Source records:

>>

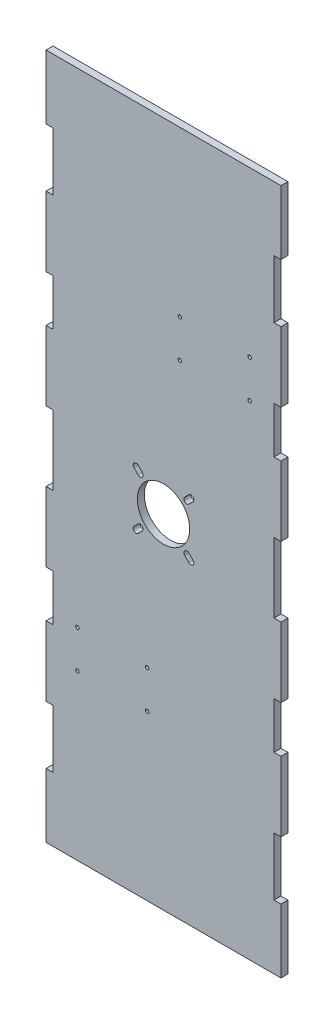
SolidWorks part; units mm, degrees
ref_plane "Front Plane" through (0, 0, 0) normal (0, 0, 1) x (1, 0, 0)
ref_plane "Top Plane" through (0, 0, 0) normal (0, 1, 0) x (1, 0, 0)
ref_plane "Right Plane" through (0, 0, 0) normal (1, 0, 0) x (0, 0, -1)
sketch "Sketch1" plane through (0, 0, 0) normal (0, 0, 1) x (1, 0, 0)
  line L0 (42.9176, -0.8355) -> (39.3794, 2.7028) construction
  line L1 (41.1498, -2.6032) -> (37.6116, 0.935)
  line L2 (44.6854, 0.9323) -> (41.1471, 4.4705)
  line L3 (-4.2248, -0.8355) -> (-0.6866, 2.7028) construction
  line L4 (-5.9926, 0.9323) -> (-2.4543, 4.4705)
  line L5 (-2.457, -2.6032) -> (1.0812, 0.935)
  line L6 (-4.2248, 46.3069) -> (-0.6866, 42.7687) construction
  line L7 (-2.457, 48.0747) -> (1.0812, 44.5365)
  line L8 (-5.9926, 44.5392) -> (-2.4543, 41.001)
  line L9 (42.9176, 46.3069) -> (39.3794, 42.7687) construction
  line L10 (44.6854, 44.5392) -> (41.1471, 41.001)
  line L11 (41.1498, 48.0747) -> (37.6116, 44.5365)
  line L32 (114.3464, -107.2643) -> (114.3464, -67.2643)
  line L34 (-81.6536, -272.336) -> (120.3464, -272.336)
  line L35 (-81.6536, -272.336) -> (-81.6536, -217.2643)
  line L36 (114.3464, 112.7357) -> (120.3464, 112.7357)
  line L39 (114.3464, 152.7357) -> (120.3464, 152.7357)
  line L40 (120.3464, 212.7357) -> (120.3464, 152.7357)
  line L42 (114.3464, 52.7357) -> (120.3464, 52.7357)
  line L43 (120.3464, 112.7357) -> (120.3464, 52.7357)
  line L44 (120.3464, -67.2643) -> (120.3464, -7.2643)
  line L45 (114.3464, -7.2643) -> (120.3464, -7.2643)
  line L47 (120.3464, -167.2643) -> (120.3464, -107.2643)
  line L48 (114.3464, -107.2643) -> (120.3464, -107.2643)
  line L51 (114.3464, -67.2643) -> (120.3464, -67.2643)
  line L52 (114.3464, 112.7357) -> (114.3464, 152.7357)
  line L53 (114.3464, -7.2643) -> (114.3464, 52.7357)
  line L54 (-75.6536, -7.2643) -> (-75.6536, 52.7357)
  line L55 (-75.6536, 112.7357) -> (-75.6536, 152.7357)
  line L56 (-75.6536, -67.2643) -> (-81.6536, -67.2643)
  line L58 (-75.6536, -107.2643) -> (-81.6536, -107.2643)
  line L59 (-81.6536, -167.2643) -> (-81.6536, -107.2643)
  line L60 (-75.6536, -7.2643) -> (-81.6536, -7.2643)
  line L61 (-81.6536, -67.2643) -> (-81.6536, -7.2643)
  line L62 (-81.6536, 112.7357) -> (-81.6536, 52.7357)
  line L63 (-75.6536, 52.7357) -> (-81.6536, 52.7357)
  line L65 (-75.6536, 152.7357) -> (-81.6536, 152.7357)
  line L67 (-75.6536, 112.7357) -> (-81.6536, 112.7357)
  line L68 (-75.6536, -107.2643) -> (-75.6536, -67.2643)
  line L69 (-81.6536, 152.7357) -> (-81.6536, 212.7357)
  line L73 (120.3464, -272.336) -> (120.3464, -217.2643)
  line L74 (-75.6536, 212.7357) -> (-75.6536, 262.7357)
  line L75 (120.3464, -167.2643) -> (114.3464, -167.2643)
  line L77 (120.3464, -217.2643) -> (114.3464, -217.2643)
  line L78 (114.3464, -167.2643) -> (114.3464, -217.2643)
  line L79 (-81.6536, -167.2643) -> (-75.6536, -167.2643)
  line L81 (-81.6536, -217.2643) -> (-75.6536, -217.2643)
  line L82 (-75.6536, -167.2643) -> (-75.6536, -217.2643)
  line L83 (-81.6536, 262.7357) -> (-75.6536, 262.7357)
  line L84 (114.3464, 212.7357) -> (114.3464, 262.7357)
  line L85 (120.3464, 262.7357) -> (114.3464, 262.7357)
  line L86 (120.3464, 317.8074) -> (120.3464, 262.7357)
  line L87 (-81.6536, 317.8074) -> (-81.6536, 262.7357)
  line L88 (-81.6536, 317.8074) -> (120.3464, 317.8074)
  line L89 (-81.6536, 212.7357) -> (-75.6536, 212.7357)
  line L90 (114.3464, 212.7357) -> (120.3464, 212.7357)
  circle A0 centre (93.4214, 144.1872) radius 1.5
  circle A1 centre (93.4214, 176.6664) radius 1.5
  circle A2 centre (33.4214, 144.1872) radius 1.5
  circle A8 centre (-54.7286, -131.1949) radius 1.5
  arc A9 (41.1498, -2.6032) -> (44.6854, 0.9323) centre (42.9176, -0.8355) ccw
  arc A10 (41.1471, 4.4705) -> (37.6116, 0.935) centre (39.3794, 2.7028) ccw
  circle A11 centre (33.4214, 176.6664) radius 1.5
  arc A12 (-5.9926, 0.9323) -> (-2.457, -2.6032) centre (-4.2248, -0.8355) ccw
  arc A13 (1.0812, 0.935) -> (-2.4543, 4.4705) centre (-0.6866, 2.7028) ccw
  arc A14 (-2.457, 48.0747) -> (-5.9926, 44.5392) centre (-4.2248, 46.3069) ccw
  arc A15 (-2.4543, 41.001) -> (1.0812, 44.5365) centre (-0.6866, 42.7687) ccw
  arc A16 (44.6854, 44.5392) -> (41.1498, 48.0747) centre (42.9176, 46.3069) ccw
  arc A17 (37.6116, 44.5365) -> (41.1471, 41.001) centre (39.3794, 42.7687) ccw
  circle A18 centre (-54.7286, -98.7157) radius 1.5
  circle A20 centre (5.2714, -98.7157) radius 1.5
  circle A21 centre (19.3464, 22.7357) radius 22.5118
  circle A22 centre (5.2714, -131.1949) radius 1.5
  point P28 (41.1485, 0.9337)
  point P33 (-2.4557, 0.9337)
  point P40 (-2.4557, 44.5378)
  point P47 (41.1485, 44.5378)
  point P52 (19.3464, 22.7357)
  point P91 (19.3464, 22.7357)
  dimension "D6" = 2
  dimension "D2" = 4
extrude "Boss-Extrude1" add sketch "Sketch1" along normal blind 6
sketch "Sketch2" plane through (120.3464, 0, 0) normal (1, 0, 0) x (0, 0, -1)
  line L1 (0, -272.336) -> (80, -272.336)
  line L2 (0, -272.336) -> (0, -217.2643)
  line L3 (0, 317.8074) -> (80, 317.8074)
  line L4 (80, -272.336) -> (80, 317.8074)
  line L5 (0, -167.2643) -> (0, -107.2643)
  line L6 (0, 262.7357) -> (-6, 262.7357)
  line L8 (0, 212.7357) -> (-6, 212.7357)
  line L9 (-6, 262.7357) -> (-6, 212.7357)
  line L10 (0, 152.7357) -> (-6, 152.7357)
  line L12 (0, 112.7357) -> (-6, 112.7357)
  line L13 (-6, 152.7357) -> (-6, 112.7357)
  line L14 (0, 52.7357) -> (-6, 52.7357)
  line L16 (0, -7.2643) -> (-6, -7.2643)
  line L17 (-6, 52.7357) -> (-6, -7.2643)
  line L18 (-6, -107.2643) -> (0, -107.2643)
  line L19 (-6, -107.2643) -> (-6, -67.2643)
  line L20 (-6, -67.2643) -> (0, -67.2643)
  line L22 (0, -217.2643) -> (-6, -217.2643)
  line L24 (0, -167.2643) -> (-6, -167.2643)
  line L25 (-6, -217.2643) -> (-6, -167.2643)
  line L26 (0, -67.2643) -> (0, -7.2643)
  line L27 (0, 52.7357) -> (0, 112.7357)
  line L28 (0, 152.7357) -> (0, 212.7357)
  line L29 (0, 262.7357) -> (0, 317.8074)
  dimension "D1" = 80

<<

Exercise requirements
What are the lines, exactly as written above, from the line with "line L51 (114.3464, -67.2643)" to the line with "line L85 (120.3464, 262.7357)", both included? Output only those.

Answer
  line L51 (114.3464, -67.2643) -> (120.3464, -67.2643)
  line L52 (114.3464, 112.7357) -> (114.3464, 152.7357)
  line L53 (114.3464, -7.2643) -> (114.3464, 52.7357)
  line L54 (-75.6536, -7.2643) -> (-75.6536, 52.7357)
  line L55 (-75.6536, 112.7357) -> (-75.6536, 152.7357)
  line L56 (-75.6536, -67.2643) -> (-81.6536, -67.2643)
  line L58 (-75.6536, -107.2643) -> (-81.6536, -107.2643)
  line L59 (-81.6536, -167.2643) -> (-81.6536, -107.2643)
  line L60 (-75.6536, -7.2643) -> (-81.6536, -7.2643)
  line L61 (-81.6536, -67.2643) -> (-81.6536, -7.2643)
  line L62 (-81.6536, 112.7357) -> (-81.6536, 52.7357)
  line L63 (-75.6536, 52.7357) -> (-81.6536, 52.7357)
  line L65 (-75.6536, 152.7357) -> (-81.6536, 152.7357)
  line L67 (-75.6536, 112.7357) -> (-81.6536, 112.7357)
  line L68 (-75.6536, -107.2643) -> (-75.6536, -67.2643)
  line L69 (-81.6536, 152.7357) -> (-81.6536, 212.7357)
  line L73 (120.3464, -272.336) -> (120.3464, -217.2643)
  line L74 (-75.6536, 212.7357) -> (-75.6536, 262.7357)
  line L75 (120.3464, -167.2643) -> (114.3464, -167.2643)
  line L77 (120.3464, -217.2643) -> (114.3464, -217.2643)
  line L78 (114.3464, -167.2643) -> (114.3464, -217.2643)
  line L79 (-81.6536, -167.2643) -> (-75.6536, -167.2643)
  line L81 (-81.6536, -217.2643) -> (-75.6536, -217.2643)
  line L82 (-75.6536, -167.2643) -> (-75.6536, -217.2643)
  line L83 (-81.6536, 262.7357) -> (-75.6536, 262.7357)
  line L84 (114.3464, 212.7357) -> (114.3464, 262.7357)
  line L85 (120.3464, 262.7357) -> (114.3464, 262.7357)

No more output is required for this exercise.